Some way or the other the subject of King David came up at the think tank the other day. We got to talking about how he, great as he was and one of the four or five top superstars in the whole Jewish/Christian tradition though he may have been, did enough bad things all by himself to send half the population of Lee County to the calaboose for life.
We got off particularly on the messy episode there in which he and his son Absalom turned against one another and fought with armies and just generally upset the population thereabouts. And we talked on until we came to the part where Absalom’s army had been whipped and Ab was trying to get away on what, I suppose, was the first piece of transportation he could lay his hands on, a mule. It was, no doubt, an act of desperation. If he had had time  to pick and choose he certainly would have picked a swift horse to take him away from the site. But, it was one of those bad days and he wound up with a mule; and you know what that mule did to him.
A geezer (probably a Methodist) said, pshaw, he believed that the ancient scribes who so laboriously translated and compiled and arranged that part of the Bible (2 Samuel in this case) kind of used their imagination and added some local color and everything to come up with that business about Absalom getting his head caught in the oak tree limb and, as the writer so laconically puts it, being “taken up between the heaven and the earth.”
I rushed to the writer’s defense. Knowing mules as I do, it surprises me not in the least that the spiteful beast would first take Absalom right into the thickest part of the limbs, nor that “the mule that was under him went away,” leaving Ab hanging. Doesn’t surprise me at all.

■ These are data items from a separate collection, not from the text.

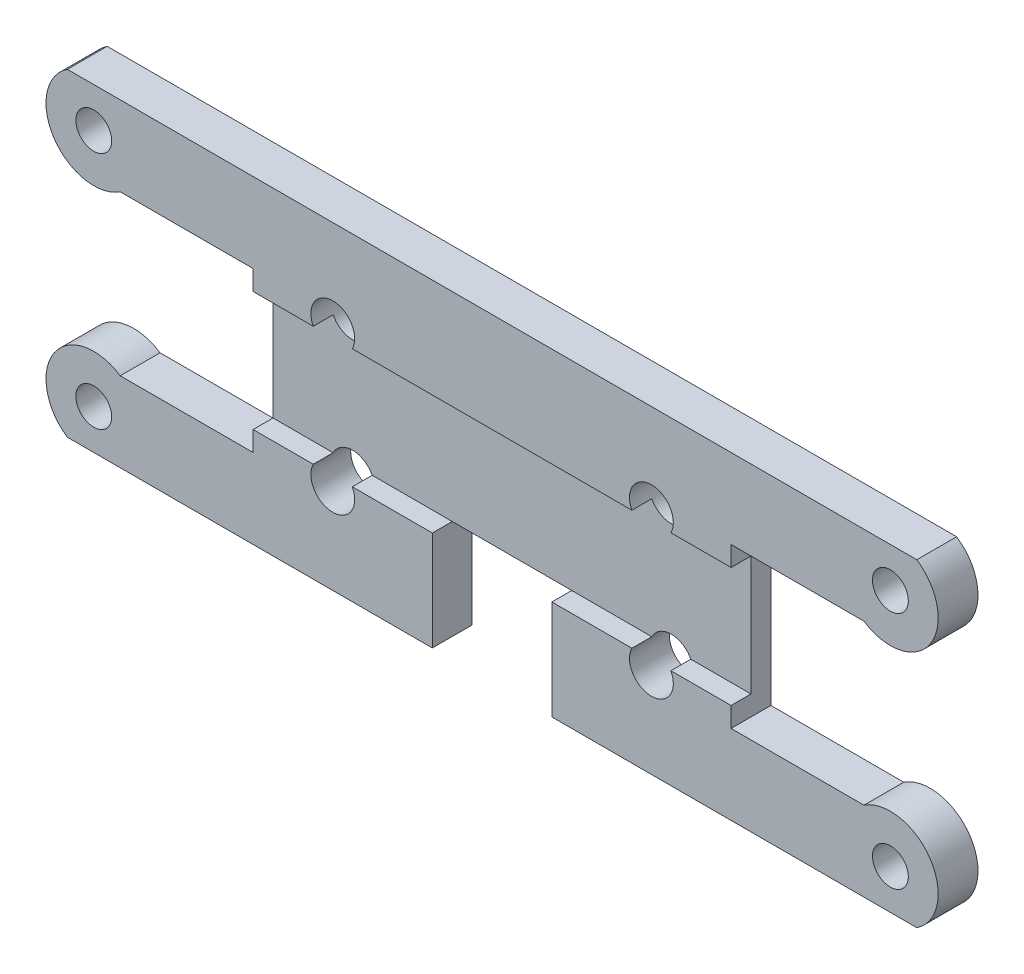
ISO-10303-21;
HEADER;
FILE_DESCRIPTION(('STEP AP214'),'2;1');
FILE_NAME('part.step','',(''),(''),'','','');
FILE_SCHEMA(('AUTOMOTIVE_DESIGN { 1 0 10303 214 1 1 1 1 }'));
ENDSEC;
DATA;
#1=APPLICATION_CONTEXT('core data for automotive mechanical design processes');
#2=APPLICATION_PROTOCOL_DEFINITION('international standard','automotive_design',2000,#1);
#3=PRODUCT_CONTEXT('',#1,'mechanical');
#4=PRODUCT('Part','Part','',(#3));
#5=PRODUCT_RELATED_PRODUCT_CATEGORY('part','',(#4));
#6=PRODUCT_DEFINITION_FORMATION('','',#4);
#7=PRODUCT_DEFINITION_CONTEXT('part definition',#1,'design');
#8=PRODUCT_DEFINITION('design','',#6,#7);
#9=PRODUCT_DEFINITION_SHAPE('','',#8);
#10=(LENGTH_UNIT() NAMED_UNIT(*) SI_UNIT(.MILLI.,.METRE.));
#11=(NAMED_UNIT(*) PLANE_ANGLE_UNIT() SI_UNIT($,.RADIAN.));
#12=(NAMED_UNIT(*) SI_UNIT($,.STERADIAN.) SOLID_ANGLE_UNIT());
#13=UNCERTAINTY_MEASURE_WITH_UNIT(LENGTH_MEASURE(1.E-05),#10,'distance_accuracy_value','');
#14=(GEOMETRIC_REPRESENTATION_CONTEXT(3) GLOBAL_UNCERTAINTY_ASSIGNED_CONTEXT((#13)) GLOBAL_UNIT_ASSIGNED_CONTEXT((#10,
#11,#12)) REPRESENTATION_CONTEXT('',''));
#15=CARTESIAN_POINT('',(0.,0.,0.));
#16=DIRECTION('',(0.,0.,1.));
#17=DIRECTION('',(1.,0.,0.));
#18=AXIS2_PLACEMENT_3D('',#15,#16,#17);
#19=CARTESIAN_POINT('',(0.,-6.,2.));
#20=DIRECTION('',(0.,0.,1.));
#21=DIRECTION('',(1.,0.,0.));
#22=AXIS2_PLACEMENT_3D('',#19,#20,#21);
#23=PLANE('',#22);
#24=DIRECTION('',(0.,1.,0.));
#25=VECTOR('',#24,1.);
#26=CARTESIAN_POINT('',(23.,-13.,2.));
#27=LINE('',#26,#25);
#28=CARTESIAN_POINT('',(23.,-7.99999999999999,2.));
#29=VERTEX_POINT('',#28);
#30=CARTESIAN_POINT('',(23.,-3.,2.));
#31=VERTEX_POINT('',#30);
#32=EDGE_CURVE('E282',#29,#31,#27,.T.);
#33=ORIENTED_EDGE('',*,*,#32,.F.);
#34=DIRECTION('',(-1.,0.,0.));
#35=VECTOR('',#34,1.);
#36=CARTESIAN_POINT('',(-1.32664991614216,-8.,2.));
#37=LINE('',#36,#35);
#38=CARTESIAN_POINT('',(41.3266499161422,-8.,2.));
#39=VERTEX_POINT('',#38);
#40=EDGE_CURVE('E457',#39,#29,#37,.T.);
#41=ORIENTED_EDGE('',*,*,#40,.F.);
#42=CARTESIAN_POINT('',(40.,-6.,2.));
#43=DIRECTION('',(0.,0.,1.));
#44=DIRECTION('',(-1.,0.,0.));
#45=AXIS2_PLACEMENT_3D('',#42,#43,#44);
#46=CIRCLE('',#45,2.4);
#47=CARTESIAN_POINT('',(38.6733500838578,-4.,2.));
#48=VERTEX_POINT('',#47);
#49=EDGE_CURVE('E318',#39,#48,#46,.T.);
#50=ORIENTED_EDGE('',*,*,#49,.T.);
#51=DIRECTION('',(-1.,0.,0.));
#52=VECTOR('',#51,1.);
#53=CARTESIAN_POINT('',(32.,-4.,2.));
#54=LINE('',#53,#52);
#55=CARTESIAN_POINT('',(32.,-4.,2.));
#56=VERTEX_POINT('',#55);
#57=EDGE_CURVE('E321',#48,#56,#54,.T.);
#58=ORIENTED_EDGE('',*,*,#57,.T.);
#59=DIRECTION('',(0.,1.,0.));
#60=VECTOR('',#59,1.);
#61=CARTESIAN_POINT('',(32.,0.,2.));
#62=LINE('',#61,#60);
#63=CARTESIAN_POINT('',(32.,-3.,2.));
#64=VERTEX_POINT('',#63);
#65=EDGE_CURVE('E324',#56,#64,#62,.T.);
#66=ORIENTED_EDGE('',*,*,#65,.T.);
#67=DIRECTION('',(1.,0.,0.));
#68=VECTOR('',#67,1.);
#69=CARTESIAN_POINT('',(32.,-3.,2.));
#70=LINE('',#69,#68);
#71=CARTESIAN_POINT('',(28.9797958971133,-3.,2.));
#72=VERTEX_POINT('',#71);
#73=EDGE_CURVE('E298',#72,#64,#70,.T.);
#74=ORIENTED_EDGE('',*,*,#73,.F.);
#75=CARTESIAN_POINT('',(28.,-3.5,2.));
#76=DIRECTION('',(0.,0.,1.));
#77=DIRECTION('',(-1.,0.,0.));
#78=AXIS2_PLACEMENT_3D('',#75,#76,#77);
#79=CIRCLE('',#78,1.1);
#80=CARTESIAN_POINT('',(27.0202041028867,-3.,2.));
#81=VERTEX_POINT('',#80);
#82=EDGE_CURVE('E306',#81,#72,#79,.T.);
#83=ORIENTED_EDGE('',*,*,#82,.F.);
#84=DIRECTION('',(-1.,0.,0.));
#85=VECTOR('',#84,1.);
#86=CARTESIAN_POINT('',(8.,-3.,2.));
#87=LINE('',#86,#85);
#88=EDGE_CURVE('E422',#81,#31,#87,.T.);
#89=ORIENTED_EDGE('',*,*,#88,.T.);
#90=EDGE_LOOP('',(#33,#41,#50,#58,#66,#74,#83,#89));
#91=FACE_BOUND('',#90,.T.);
#92=CARTESIAN_POINT('',(40.,-6.,2.));
#93=DIRECTION('',(0.,0.,1.));
#94=DIRECTION('',(-1.,0.,0.));
#95=AXIS2_PLACEMENT_3D('',#92,#93,#94);
#96=CIRCLE('',#95,0.9);
#97=CARTESIAN_POINT('',(39.1,-6.,2.));
#98=VERTEX_POINT('',#97);
#99=EDGE_CURVE('E312',#98,#98,#96,.T.);
#100=ORIENTED_EDGE('',*,*,#99,.F.);
#101=EDGE_LOOP('',(#100));
#102=FACE_BOUND('',#101,.T.);
#103=ADVANCED_FACE('F42',(#91,#102),#23,.T.);
#104=CARTESIAN_POINT('',(-1.32664991614216,-8.,2.));
#105=DIRECTION('',(0.,1.,0.));
#106=DIRECTION('',(1.,0.,0.));
#107=AXIS2_PLACEMENT_3D('',#104,#105,#106);
#108=PLANE('',#107);
#109=ORIENTED_EDGE('',*,*,#40,.T.);
#110=DIRECTION('',(0.,0.,-1.));
#111=VECTOR('',#110,1.);
#112=CARTESIAN_POINT('',(23.,-7.99999999999999,2.));
#113=LINE('',#112,#111);
#114=CARTESIAN_POINT('',(23.,-7.99999999999999,0.));
#115=VERTEX_POINT('',#114);
#116=EDGE_CURVE('E295',#29,#115,#113,.T.);
#117=ORIENTED_EDGE('',*,*,#116,.T.);
#118=DIRECTION('',(-1.,0.,0.));
#119=VECTOR('',#118,1.);
#120=CARTESIAN_POINT('',(-1.32664991614216,-8.,0.));
#121=LINE('',#120,#119);
#122=CARTESIAN_POINT('',(41.3266499161422,-8.,0.));
#123=VERTEX_POINT('',#122);
#124=EDGE_CURVE('E276',#123,#115,#121,.T.);
#125=ORIENTED_EDGE('',*,*,#124,.F.);
#126=DIRECTION('',(0.,0.,-1.));
#127=VECTOR('',#126,1.);
#128=CARTESIAN_POINT('',(41.3266499161422,-8.,2.));
#129=LINE('',#128,#127);
#130=EDGE_CURVE('E327',#39,#123,#129,.T.);
#131=ORIENTED_EDGE('',*,*,#130,.F.);
#132=EDGE_LOOP('',(#109,#117,#125,#131));
#133=FACE_BOUND('',#132,.T.);
#134=ADVANCED_FACE('F618',(#133),#108,.F.);
#135=CARTESIAN_POINT('',(8.,-3.,1.));
#136=DIRECTION('',(0.,-1.,0.));
#137=DIRECTION('',(0.,0.,1.));
#138=AXIS2_PLACEMENT_3D('',#135,#136,#137);
#139=PLANE('',#138);
#140=DIRECTION('',(-1.,0.,0.));
#141=VECTOR('',#140,1.);
#142=CARTESIAN_POINT('',(8.,-3.,1.));
#143=LINE('',#142,#141);
#144=CARTESIAN_POINT('',(27.0202041028867,-3.,1.));
#145=VERTEX_POINT('',#144);
#146=CARTESIAN_POINT('',(23.,-3.,1.));
#147=VERTEX_POINT('',#146);
#148=EDGE_CURVE('E415',#145,#147,#143,.T.);
#149=ORIENTED_EDGE('',*,*,#148,.T.);
#150=DIRECTION('',(0.,0.,1.));
#151=VECTOR('',#150,1.);
#152=CARTESIAN_POINT('',(23.,-2.99999999999999,1.));
#153=LINE('',#152,#151);
#154=EDGE_CURVE('E11',#147,#31,#153,.T.);
#155=ORIENTED_EDGE('',*,*,#154,.T.);
#156=ORIENTED_EDGE('',*,*,#88,.F.);
#157=DIRECTION('',(0.,0.,-1.));
#158=VECTOR('',#157,1.);
#159=CARTESIAN_POINT('',(27.0202041028867,-3.,2.));
#160=LINE('',#159,#158);
#161=EDGE_CURVE('E343',#81,#145,#160,.T.);
#162=ORIENTED_EDGE('',*,*,#161,.T.);
#163=EDGE_LOOP('',(#149,#155,#156,#162));
#164=FACE_BOUND('',#163,.T.);
#165=ADVANCED_FACE('F624',(#164),#139,.F.);
#166=CARTESIAN_POINT('',(0.,6.,2.));
#167=DIRECTION('',(0.,0.,1.));
#168=DIRECTION('',(1.,0.,0.));
#169=AXIS2_PLACEMENT_3D('',#166,#167,#168);
#170=PLANE('',#169);
#171=DIRECTION('',(-1.,0.,0.));
#172=VECTOR('',#171,1.);
#173=CARTESIAN_POINT('',(8.,3.,2.));
#174=LINE('',#173,#172);
#175=CARTESIAN_POINT('',(27.0202041028867,3.,2.));
#176=VERTEX_POINT('',#175);
#177=CARTESIAN_POINT('',(12.9797958971133,3.,2.));
#178=VERTEX_POINT('',#177);
#179=EDGE_CURVE('E497',#176,#178,#174,.T.);
#180=ORIENTED_EDGE('',*,*,#179,.F.);
#181=CARTESIAN_POINT('',(28.,3.5,2.));
#182=DIRECTION('',(0.,0.,-1.));
#183=DIRECTION('',(-1.,0.,0.));
#184=AXIS2_PLACEMENT_3D('',#181,#182,#183);
#185=CIRCLE('',#184,1.1);
#186=CARTESIAN_POINT('',(28.9797958971133,3.,2.));
#187=VERTEX_POINT('',#186);
#188=EDGE_CURVE('E361',#176,#187,#185,.T.);
#189=ORIENTED_EDGE('',*,*,#188,.T.);
#190=DIRECTION('',(1.,0.,0.));
#191=VECTOR('',#190,1.);
#192=CARTESIAN_POINT('',(32.,3.,2.));
#193=LINE('',#192,#191);
#194=CARTESIAN_POINT('',(32.,3.,2.));
#195=VERTEX_POINT('',#194);
#196=EDGE_CURVE('E346',#187,#195,#193,.T.);
#197=ORIENTED_EDGE('',*,*,#196,.T.);
#198=DIRECTION('',(0.,-1.,0.));
#199=VECTOR('',#198,1.);
#200=CARTESIAN_POINT('',(32.,0.,2.));
#201=LINE('',#200,#199);
#202=CARTESIAN_POINT('',(32.,4.,2.));
#203=VERTEX_POINT('',#202);
#204=EDGE_CURVE('E383',#203,#195,#201,.T.);
#205=ORIENTED_EDGE('',*,*,#204,.F.);
#206=DIRECTION('',(-1.,0.,0.));
#207=VECTOR('',#206,1.);
#208=CARTESIAN_POINT('',(32.,4.,2.));
#209=LINE('',#208,#207);
#210=CARTESIAN_POINT('',(38.6733500838578,4.,2.));
#211=VERTEX_POINT('',#210);
#212=EDGE_CURVE('E378',#211,#203,#209,.T.);
#213=ORIENTED_EDGE('',*,*,#212,.F.);
#214=CARTESIAN_POINT('',(40.,6.,2.));
#215=DIRECTION('',(0.,0.,-1.));
#216=DIRECTION('',(-1.,0.,0.));
#217=AXIS2_PLACEMENT_3D('',#214,#215,#216);
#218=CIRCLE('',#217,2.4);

We used to have this ancient, gnarled apple tree of uncertain ancestry
down in the old orchard, out between the barn and the Ridge Field. For want of a better name, we called it a June apple tree, because it bore its small, hard, tart, striped apples early. The apples were the kind boys like to gnaw on from when they (the apples) were pea-sized. Tart, yes, whatchoo talkin’ about! But still good. And when sliced and dried on a piece of tin, they made the most fantastic fried apple pies in the world! The tree was prolific, year after year after year, even when it got so old that half of it just rotted away. What was left would still be covered with apples. I can see it now, its bark decorated with thousands of sapsucker holes, the apples growing in clusters, like grapes, all over the old snag of a limb that jutted out to the north side.
That limb was, let me see, I’m not sure how many feet from the ground, but a mule could walk under it without any trouble. If the mule was carrying anything on its back, however, that was a different story, a mule of a different color, as it were.
I was slow about learning, then, even as now. I’d be plowing in the Ridge Field. On my way back to the field after eating dinner (the noon meal, don’t you know), I’d say to myself, “Now why don’t I ride old Bill right up under that limb and fill up my overall pockets with those nice June apples so that I can munch on them even as I run around the corn with the Georgia stock?”
This time, I’d feel sure, I could make Bill stop at just the right place, so that I could sit on his rather pointed back and be in exactly the perfect position to pick the fruit. So we’d make a slight detour from the path to go under the tree, me sitting up there, casual as you please, on the sweaty backband, holding on to the hames listening to the jingle of the traces. I’d steer old Bill right in under that big horizontal limb, ah, right there, easy, whoa now. Whoa! And being, no doubt, a direct descendant of that mule in the Absalom story, old Bill wouldn’t stop at exactly the right time (or, after stopping he’d ease up a few feet to eat some of the apples on the ground), and the limb would rake me right off his back onto the ground, where I’d lie amongst the rotting apples and yellow jackets and discus Bill’s ancestry all the way back to David’s time and beyond.
Later, when I’d have to explain the bruises and scratches to Daddy and the truth would reluctantly be dragged from me, he’d say, shaking his head, “O Bobby, my son. My son?”